The insurance industry is easily one of the most profitable in the world. Worth over $900 billion, it’s a very lucrative business to get into. If you’re thinking of starting your own insurance business, there are, however, certain things that you must consider before you begin operations and kickstart your new career.
To help guide you in the right direction, here are the top 5 things you should keep in mind:
1) What Type of Insurance You’ll Sell
At the start of the process, think about the type of insurance that you want to sell. Do you want to specialize in health insurance, sell car insurance or perhaps life insurance? Those are three of the most common routes to take. However, the type of insurance you settle on will depend on your personal preference and where your experience lies.
Alternatively, you could offer a variety of different types – as long as you have the resources and expertise to do so of course.
2) Your Start-Up Costs
Just with every business venture, you need to consider what your start-up costs will be from the get-go. For your insurance business, you’ll require an office premise, experienced staff, a Book of Business and equipment in order to acquire clients.
To ensure that you’re on the right path, you could take a look at your competitors and the ways in which you can stand out from them from the start – and include any of the extra costs required to do this within your budget.
3) What Licenses You’ll Need
To operate as an insurance agency there are particular licenses that you’ll require. This will guarantee that you’re able to sell insurance in various states. The first step to acquiring a license is to pass a general insurance education course, along with an ethics course.
Some states also require different licenses depending on the type of insurance that you’re selling along with a Series 6 license (if you’re selling life insurance).
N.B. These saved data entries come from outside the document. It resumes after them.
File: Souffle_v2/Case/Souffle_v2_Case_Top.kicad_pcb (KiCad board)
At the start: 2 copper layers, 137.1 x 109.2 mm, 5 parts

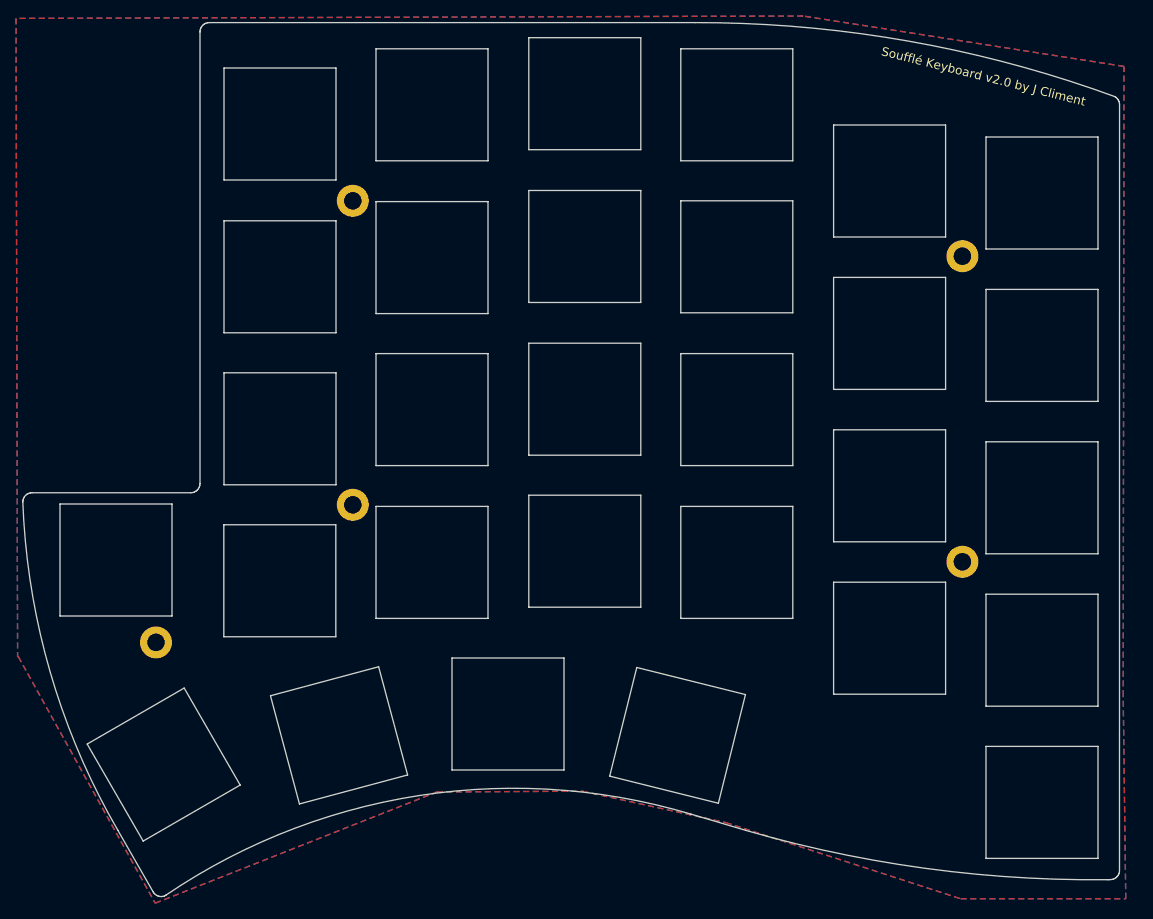
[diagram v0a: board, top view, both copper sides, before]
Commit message: Small fix for 2u keys in the thumb cluster touching the OLED key.
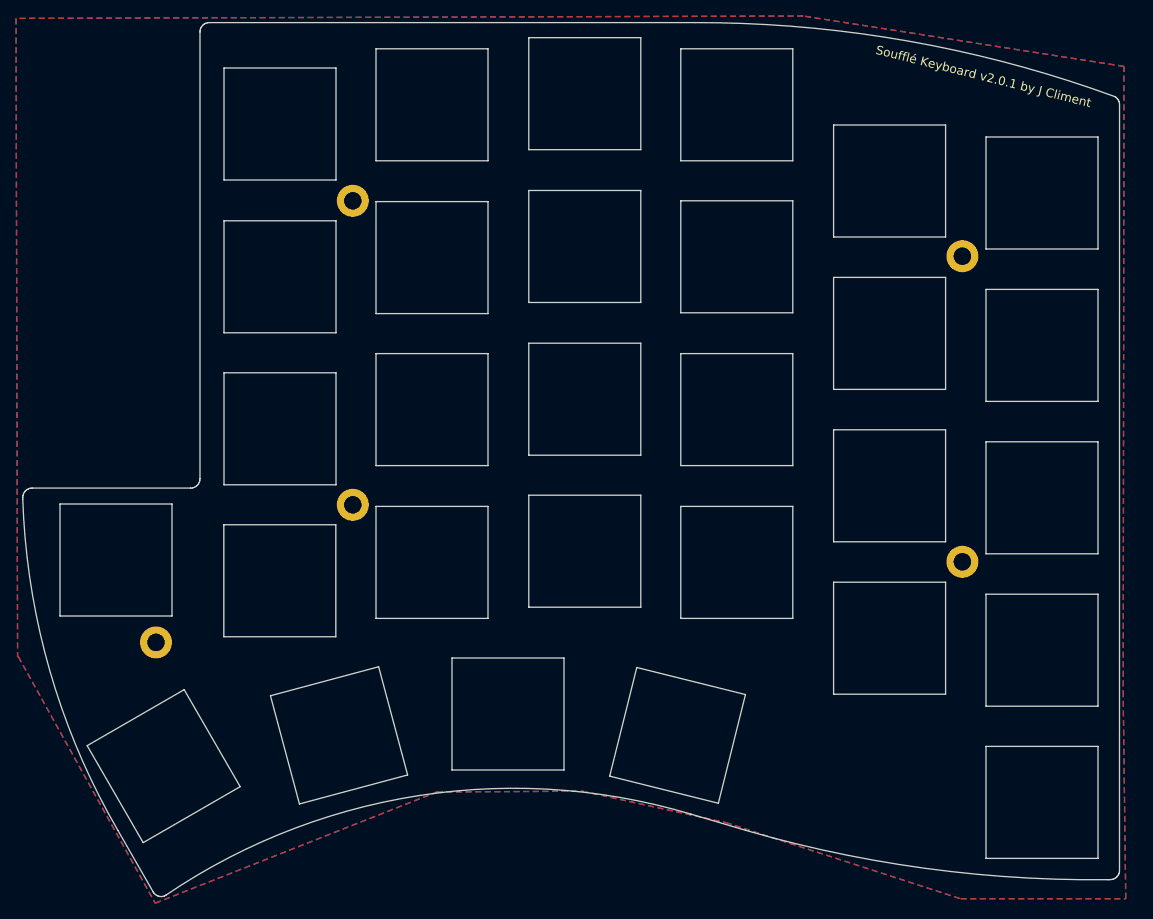
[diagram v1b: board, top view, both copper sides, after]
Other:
- outline, holes or cut-outs redrawn
- board text added: "Soufflé Keyboard v2.0.1 by J Climent"
- board text removed: "Soufflé Keyboard v2.0 by J Climent"
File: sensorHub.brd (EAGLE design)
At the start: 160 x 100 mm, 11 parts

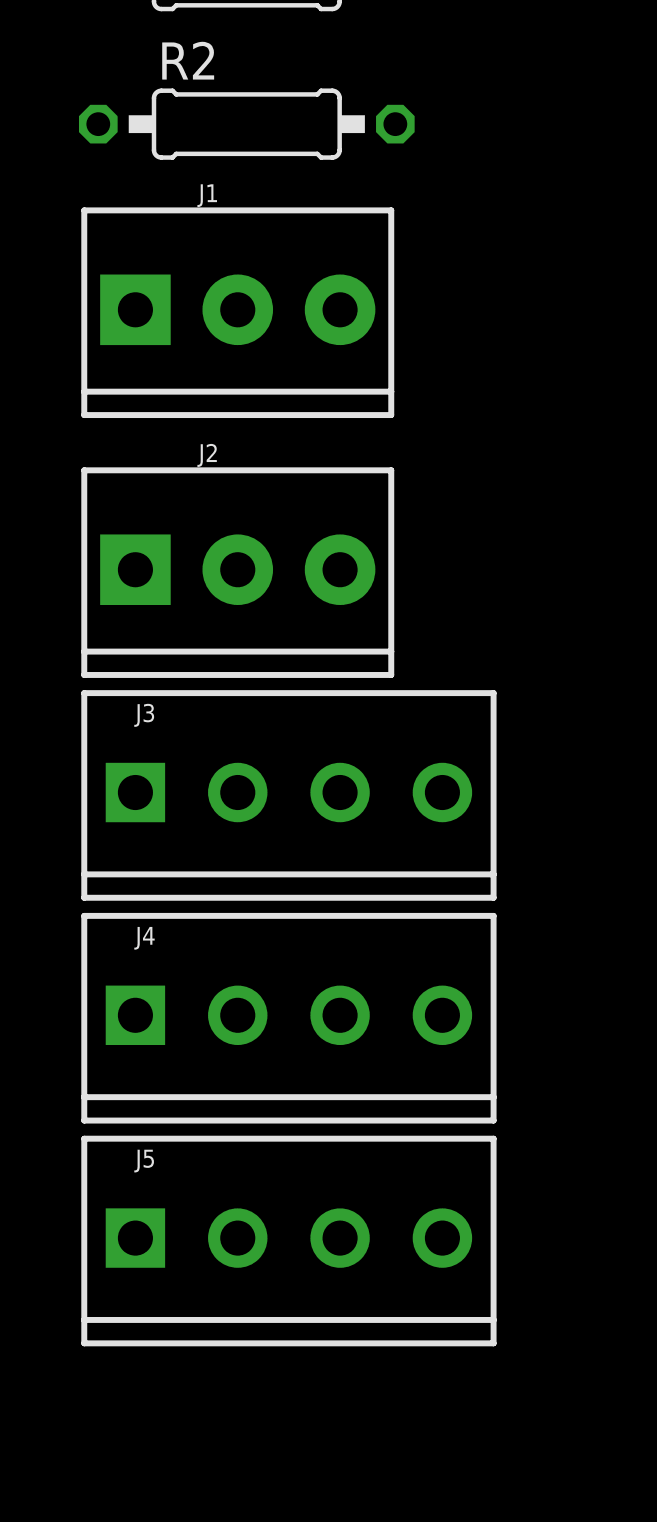
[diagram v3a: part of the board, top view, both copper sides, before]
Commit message: Completes connections in the schematic
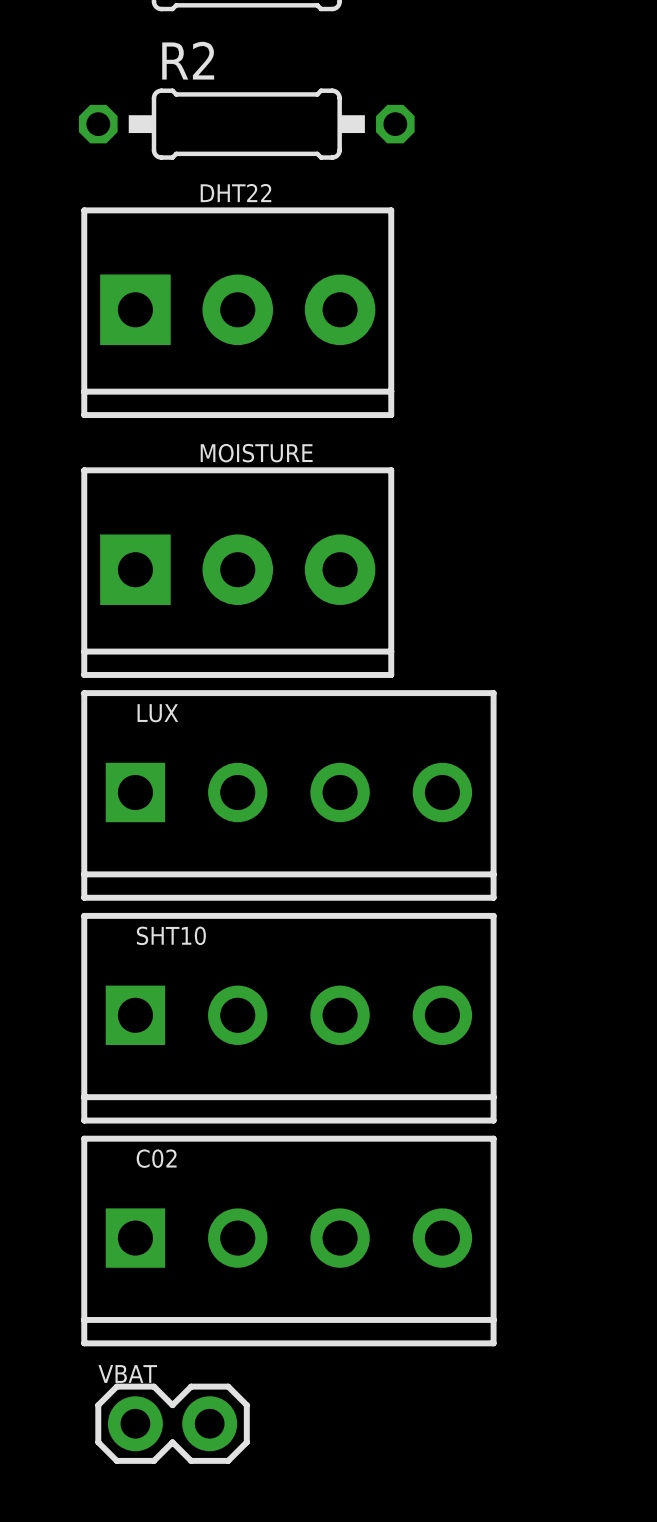
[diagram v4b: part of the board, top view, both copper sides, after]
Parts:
- added VBAT: (no value), SparkFun-Connectors:1X02
- R1, R2: value (none) -> 10k
- renumbered J1 to DHT22, J2 to MOISTURE, J3 to LUX, J4 to SHT10, J5 to C02
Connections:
- removed net OUT+: VR1.OUT+
- removed net OUT-: VR1.OUT-
- removed net VIN+: VR1.VIN+
- removed net VIN-: VR1.VIN-
- new net 3V: DHT22.1, JP1.3, JP1.4, LUX.1, MOISTURE.1, R1.1, R2.1, SHT10.1
- new net 5V: C02.2, VR1.OUT+
- new net A2: JP1.13, JP1.14, MOISTURE.2
- new net D5: DHT22.2, JP2.17, JP2.18
- new net N$1: JP1.1, JP1.2
- new net N$10: JP1.19, JP1.20
- new net N$11: JP1.21, JP1.22
- new net N$12: JP1.23, JP1.24
- new net N$13: JP1.25, JP1.26
- new net N$16: JP1.31, JP1.32
- new net N$17: JP2.1, JP2.2
- new net N$18: JP2.3, JP2.4
- new net N$19: JP2.5, JP2.6
- new net N$20: JP2.7, JP2.8
- new net N$21: JP2.10, JP2.9
- new net N$22: JP2.11, JP2.12
- new net N$23: JP2.13, JP2.14
- new net N$24: JP2.15, JP2.16
- new net N$27: VBAT.1, VBAT.2, VR1.VIN+
- new net N$3: JP1.5, JP1.6
- new net N$5: JP1.10, JP1.9
- new net N$6: JP1.11, JP1.12
- new net N$8: JP1.15, JP1.16
- new net N$9: JP1.17, JP1.18
- new net RX: C02.4, JP1.27, JP1.28
- new net SCL: JP2.19, JP2.20, LUX.3, R1.2, SHT10.3
- new net SDA: JP2.21, JP2.22, LUX.4, R2.2, SHT10.4
- new net TX: C02.3, JP1.29, JP1.30
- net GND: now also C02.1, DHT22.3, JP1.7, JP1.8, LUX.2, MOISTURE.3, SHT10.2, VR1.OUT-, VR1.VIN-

4) What Insurance You Require
In order to sell insurance to clients, your business itself will need insurance along with a business owner policy (also known as BOP) and E&O insurance. This will ensure that not only your equipment is protected, but the business is safeguarded from any omissions and errors.
You will also have to secure a surety bond before starting operations. This guarantees that a party is paid if you fail to meet a deadline. A must in every state, it’s an extra level of protection that will undoubtedly come in handy.
5) The Type of Software You Integrate
Nowadays, many insurance businesses opt to install software to help with their daily tasks. From agency management systems to underwriting platforms (such as that offered by Chaucer & Artificial Labs), it can make your business more efficient and productive. It’s also incredibly useful for startups that might not yet have the experience and expertise required.
If you don’t have the initial capital for this type of software, you can always integrate it when you have the money to do so – it’s always worth keeping it in mind throughout the process.